• [Instructions for the task]:
Your task is to repeat exactly the lines below between the line holding "circle A2 centre (-10, 6) radius 1.5" and the line holding "normal cut yes", inclusive, and only those.

• [Supplied material]:
------------------------

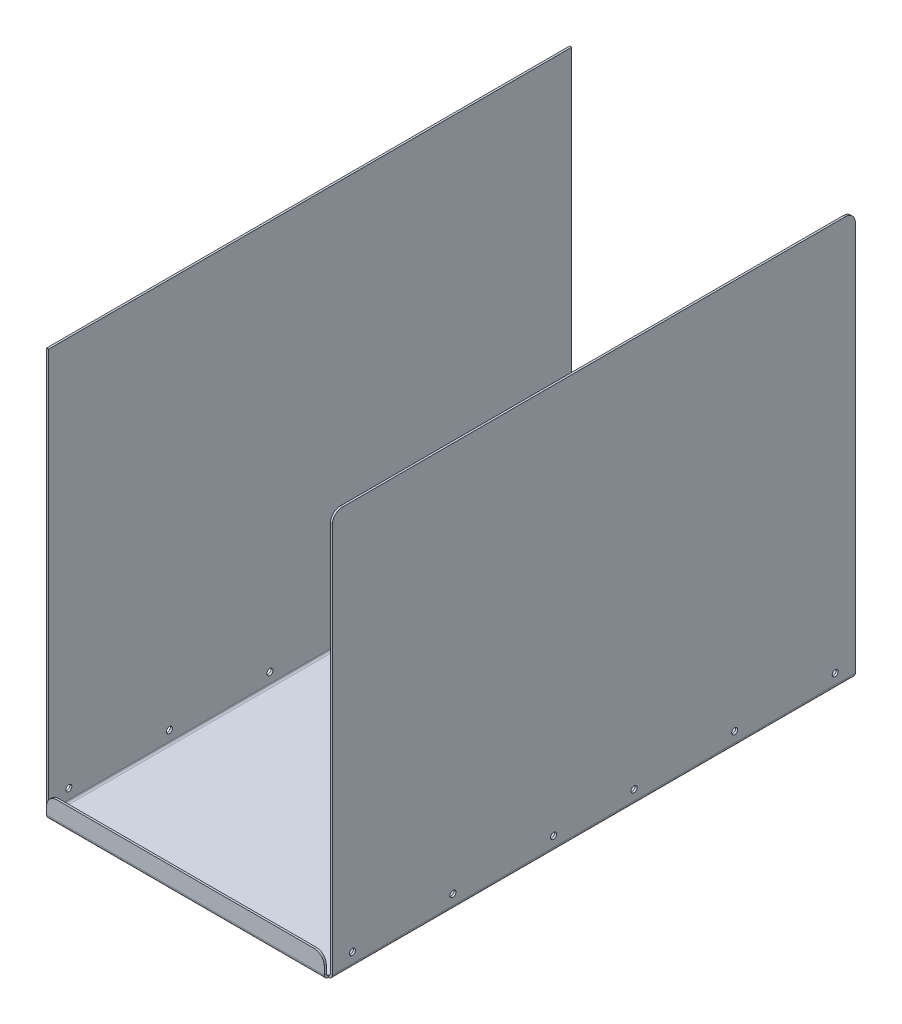
SolidWorks part; units mm, degrees
note: The reader was unsure of these and kept them because the rebuilt part matched: flange length of "Edge-Flange1", "Edge-Flange2", "Edge-Flange4", "Edge-Flange5".
material "AISI 1020"
ref_plane "Front Plane" through (0, 0, 0) normal (0, 0, 1) x (1, 0, 0)
ref_plane "Top Plane" through (0, 0, 0) normal (0, 1, 0) x (1, 0, 0)
ref_plane "Right Plane" through (0, 0, 0) normal (1, 0, 0) x (0, 0, -1)
sketch "Sketch1" plane through (0, 0, 0) normal (0, 1, 0) x (1, 0, 0)
  line L1 (0, 0) -> (142, 0)
  line L10 (0, 0) -> (0, 260)
  line L11 (0, 260) -> (142, 260)
  line L12 (142, 0) -> (142, 260)
  point P1 (142, 3.7794)
  point P2 (0, 0)
  point P5 (0, 0)
  point P6 (0, 0)
  point P7 (0, 0)
  point P9 (0, 0)
  point P18 (0, 3.1751)
  dimension "D1" = 260
  dimension "D2" = 142
base flange "Base-Flange1" sketch "Sketch1" thickness 1 reverse thickness direction no parameters "D1"=1
edge flange "Edge-Flange1" sketch "Sketch26" flange angle 90 flange length 201 flange position material inside bend radius 1 thickness 1 relief rectangular parameters "D6"=10
bend "EdgeBend7" bend radius 1 bend angle 90 parameters "D5"=1
sketch "Sketch26" plane through (0, 0, 0) normal (-1, 0, 0) x (0, 0, 1)
  line L0 (-260, 0) -> (0, 0) construction
  line L1 (-260, 0) -> (0, 0)
  line L2 (-260, 0) -> (-260, 200)
  line L3 (-260, 200) -> (0, 200)
  line L4 (0, 200) -> (0, 0)
  dimension "D1" = 200
edge flange "Edge-Flange2" sketch "Sketch28" flange angle 90 flange length 201 flange position material inside bend radius 1 thickness 1 relief rectangular parameters "D6"=10
bend "EdgeBend8" bend radius 1 bend angle 90 parameters "D5"=2
sketch "Sketch28" plane through (142, 0, 0) normal (1, 0, 0) x (0, 0, -1)
  line L0 (0, 0) -> (260, 0) construction
  line L1 (0, 0) -> (260, 0)
  line L2 (0, 0) -> (0, 195)
  line L3 (5, 200) -> (255, 200)
  line L4 (260, 195) -> (260, 0)
  arc A0 (255, 200) -> (260, 195) centre (255, 195) cw
  arc A1 (0, 195) -> (5, 200) centre (5, 195) cw
  point P8 (0, 200)
  dimension "D2" = 5
  dimension "D1" = 200
edge flange "Edge-Flange4" sketch "Sketch30" flange angle 90 flange length 11 flange position bend outside bend radius 1 thickness 1 relief rectangular parameters "D6"=10
bend "EdgeBend9" bend radius 1 bend angle 90 parameters "D5"=3
sketch "Sketch30" plane through (0, 0, -260) normal (0, 0, -1) x (-1, 0, 0)
  line L0 (-140, 0) -> (-2, 0) construction
  line L1 (-140, 0) -> (-2, 0)
  line L2 (-140, 0) -> (-140, 5)
  line L3 (-135, 10) -> (-7, 10)
  line L4 (-2, 5) -> (-2, 0)
  arc A0 (-7, 10) -> (-2, 5) centre (-7, 5) cw
  arc A1 (-140, 5) -> (-135, 10) centre (-135, 5) cw
  dimension "D2" = 5
  dimension "D1" = 10
sketch "Sketch12" plane through (0, 0, 0) normal (-1, 0, 0) x (0, 0, 1)
  line L0 (11.607, 6) -> (3.0829, 6) construction
  line L3 (11.607, 6) -> (-277.8535, 6) construction
  line L4 (0, 1) -> (0, 200) construction
  line L8 (0, 1) -> (-260, 1) construction
  circle A0 centre (-110, 6) radius 1.5
  circle A1 centre (-60, 6) radius 1.5
  circle A2 centre (-10, 6) radius 1.5
  circle A3 centre (-150, 6) radius 1.5
  circle A4 centre (-200, 6) radius 1.5
  circle A5 centre (-250, 6) radius 1.5
  point P12 (0, 5)
  point P13 (0, 0)
  point P22 (0, 0)
  point P25 (-277.8535, 5)
  point P26 (-250, 5)
  point P27 (-200, 5)
  point P28 (-128.6786, 5)
  point P29 (3.0829, 5)
  point P30 (-110, 5)
  point P31 (0, 0)
  point P32 (11.607, 5)
  point P33 (-10, 5)
  dimension "D1" = 3
  dimension "D2" = 3
  dimension "D3" = 3
  dimension "D4" = 10
  dimension "D5" = 50
  dimension "D7" = 3
  dimension "D8" = 3
  dimension "D9" = 3
  dimension "D10" = 40
  dimension "D11" = 50
  dimension "D12" = 50
  dimension "D6" = 50
  dimension "D13" = 5
extrude "Cut-Extrude1" cut sketch "Sketch12" along direction (-1, 0, 0) on the side against the normal blind 157 normal cut yes
edge flange "Edge-Flange5" sketch "Sketch32" flange angle 90 flange length 11 flange position bend outside bend radius 1 thickness 1 relief rectangular parameters "D6"=10
bend "EdgeBend10" bend radius 1 bend angle 90 parameters "D5"=4
sketch "Sketch32" plane through (0, 0, 0) normal (0, 0, 1) x (1, 0, 0)
  line L0 (2, 0) -> (140, 0) construction
  line L1 (2, 0) -> (140, 0)
  line L2 (2, 0) -> (2, 5)
  line L3 (7, 10) -> (135, 10)
  line L4 (140, 5) -> (140, 0)
  arc A0 (135, 10) -> (140, 5) centre (135, 5) cw
  arc A1 (2, 5) -> (7, 10) centre (7, 5) cw
  dimension "D1" = 5
sketch "Bend-Lines1" [suppressed] plane through (0, 0, 0) normal (0, 1, 0) x (1, 0, 0)
sketch "Bounding-Box1" [suppressed] plane through (0, 0, 0) normal (0, 1, 0) x (1, 0, 0)
sheet metal parameters "Sheet-Metal1" thickness 1 parameters "D1"=1
flat pattern "Flat-Pattern1" [suppressed]
sketch "Bend-Lines2" plane through (0, 0, 0) normal (0, 1, 0) x (1, 0, 0)
sketch3d "Bounding-Box2" [suppressed]
  line L0 (-142, 120, 0) -> (0, 120, 0) construction
  line L1 (-142, 0, 0) -> (0, 0, 0) construction
  line L2 (-142, 120, 0) -> (-142, 0, 0) construction
  line L3 (0, 120, 0) -> (0, 0, 0) construction
sheet metal parameters "Sheet-Metal2" thickness 1 parameters "D1"=1
flat pattern "Flat-Pattern1" [suppressed]
sketch "Bend-Lines2" plane through (0, 0, 0) normal (0, 1, 0) x (1, 0, 0)
  line L0 (141.1781, 0) -> (141.1781, 120) construction
  line L1 (141.1781, 0) -> (141.1781, 120) construction
sketch3d "Bounding-Box2" [suppressed]
  line L0 (0, 120, 0) -> (151.3562, 120, 0) construction
  line L1 (0, 0, 0) -> (151.3562, 0, 0) construction
  line L2 (0, 120, 0) -> (0, 0, 0) construction
  line L3 (151.3562, 120, 0) -> (151.3562, 0, 0) construction
bend of the flat pattern "Flatten-<EdgeBend7>1"
sheet metal parameters "Sheet-Metal3" thickness 1 parameters "D1"=1
flat pattern "Flat-Pattern1" [suppressed]
sketch "Bend-Lines2" plane through (0, 0, 0) normal (0, 1, 0) x (1, 0, 0)
  line L0 (141.1781, 0) -> (141.1781, 120) construction
  line L1 (141.1781, 0) -> (141.1781, 120) construction
  line L2 (0.8219, 120) -> (0.8219, 0) construction
  line L3 (0.8219, 120) -> (0.8219, 0) construction
sketch3d "Bounding-Box2" [suppressed]
  line L0 (151.3562, 0, 0) -> (151.3562, 280, 0) construction
  line L1 (-9.3562, 0, 0) -> (-9.3562, 280, 0) construction
  line L2 (151.3562, 0, 0) -> (-9.3562, 0, 0) construction
  line L3 (151.3562, 280, 0) -> (-9.3562, 280, 0) construction
bend of the flat pattern "Flatten-<EdgeBend7>5"
bend of the flat pattern "Flatten-<EdgeBend8>1"
sheet metal parameters "Sheet-Metal4" thickness 1 parameters "D1"=1
flat pattern "Flat-Pattern1" [suppressed]
sketch "Bend-Lines2" plane through (0, 0, 0) normal (0, 1, 0) x (1, 0, 0)
  line L0 (141.1781, 0) -> (141.1781, 120) construction
  line L1 (141.1781, 0) -> (141.1781, 120) construction
  line L2 (0.8219, 120) -> (0.8219, 0) construction
  line L3 (0.8219, 120) -> (0.8219, 0) construction
  line L4 (0.8219, 260) -> (0.8219, 140) construction
  line L5 (141.1781, 140) -> (141.1781, 260) construction
  line L6 (0.8219, 260) -> (0.8219, 140) construction
  line L7 (141.1781, 140) -> (141.1781, 260) construction
sketch3d "Bounding-Box2" [suppressed]
  line L0 (138.3563, 137.9999, 0) -> (138.3562, -122, 0) construction
  line L1 (-22.3561, 138, 0) -> (-22.3562, -121.9999, 0) construction
  line L2 (138.3563, 137.9999, 0) -> (-22.3561, 138, 0) construction
  line L3 (138.3562, -122, 0) -> (-22.3562, -121.9999, 0) construction
bend of the flat pattern "Flatten-<EdgeBend7>7"
bend of the flat pattern "Flatten-<EdgeBend8>5"
bend of the flat pattern "Flatten-<EdgeBend9>4"
sheet metal parameters "Sheet-Metal6" thickness 1 parameters "D1"=1
flat pattern "Flat-Pattern1" [suppressed]
sketch "Bend-Lines2" plane through (0, 0, 0) normal (0, 1, 0) x (1, 0, 0)
  line L0 (141.1781, 0) -> (141.1781, 120) construction
  line L1 (141.1781, 0) -> (141.1781, 120) construction
  line L2 (0.8219, 120) -> (0.8219, 0) construction
  line L3 (0.8219, 120) -> (0.8219, 0) construction
  line L4 (141.1781, 160) -> (141.1781, 280) construction
  line L5 (141.1781, 160) -> (141.1781, 280) construction
  line L6 (0.8219, 280) -> (0.8219, 160) construction
  line L7 (0.8219, 280) -> (0.8219, 160) construction
sketch3d "Bounding-Box2" [suppressed]
  line L0 (151.3562, 0, 0) -> (151.3562, 280, 0) construction
  line L1 (-9.3562, 0, 0) -> (-9.3562, 280, 0) construction
  line L2 (151.3562, 0, 0) -> (-9.3562, 0, 0) construction
  line L3 (151.3562, 280, 0) -> (-9.3562, 280, 0) construction
bend of the flat pattern "Flatten-<EdgeBend7>6"
bend of the flat pattern "Flatten-<EdgeBend8>4"
bend of the flat pattern "Flatten-<EdgeBend9>1"
sheet metal parameters "Sheet-Metal7" thickness 1 parameters "D1"=1
flat pattern "Flat-Pattern1"
sketch "Bend-Lines2" plane through (0, 0, 0) normal (0, 1, 0) x (1, 0, 0)
  line L10 (2, -1.1781) -> (140, -1.1781) construction
  line L11 (140, 261.1781) -> (2, 261.1781) construction
  line L12 (141.1781, 0) -> (141.1781, 260) construction
  line L13 (0.8219, 260) -> (0.8219, 0) construction
  line L14 (2, -1.1781) -> (140, -1.1781) construction
  line L15 (140, 261.1781) -> (2, 261.1781) construction
  line L16 (141.1781, 0) -> (141.1781, 260) construction
  line L17 (0.8219, 260) -> (0.8219, 0) construction
sketch3d "Bounding-Box2" [suppressed]
  line L0 (-199.3562, 271.3562, 0) -> (341.3562, 271.3562, 0) construction
  line L1 (-199.3562, -11.3562, 0) -> (341.3562, -11.3562, 0) construction
  line L2 (-199.3562, 271.3562, 0) -> (-199.3562, -11.3562, 0) construction
  line L3 (341.3562, 271.3562, 0) -> (341.3562, -11.3562, 0) construction
bend of the flat pattern "Flatten-<EdgeBend7>3"
bend of the flat pattern "Flatten-<EdgeBend8>2"
bend of the flat pattern "Flatten-<EdgeBend9>3"
bend of the flat pattern "Flatten-<EdgeBend10>1"

------------------------

• [Problem solution]:
  circle A2 centre (-10, 6) radius 1.5
  circle A3 centre (-150, 6) radius 1.5
  circle A4 centre (-200, 6) radius 1.5
  circle A5 centre (-250, 6) radius 1.5
  point P12 (0, 5)
  point P13 (0, 0)
  point P22 (0, 0)
  point P25 (-277.8535, 5)
  point P26 (-250, 5)
  point P27 (-200, 5)
  point P28 (-128.6786, 5)
  point P29 (3.0829, 5)
  point P30 (-110, 5)
  point P31 (0, 0)
  point P32 (11.607, 5)
  point P33 (-10, 5)
  dimension "D1" = 3
  dimension "D2" = 3
  dimension "D3" = 3
  dimension "D4" = 10
  dimension "D5" = 50
  dimension "D7" = 3
  dimension "D8" = 3
  dimension "D9" = 3
  dimension "D10" = 40
  dimension "D11" = 50
  dimension "D12" = 50
  dimension "D6" = 50
  dimension "D13" = 5
extrude "Cut-Extrude1" cut sketch "Sketch12" along direction (-1, 0, 0) on the side against the normal blind 157 normal cut yes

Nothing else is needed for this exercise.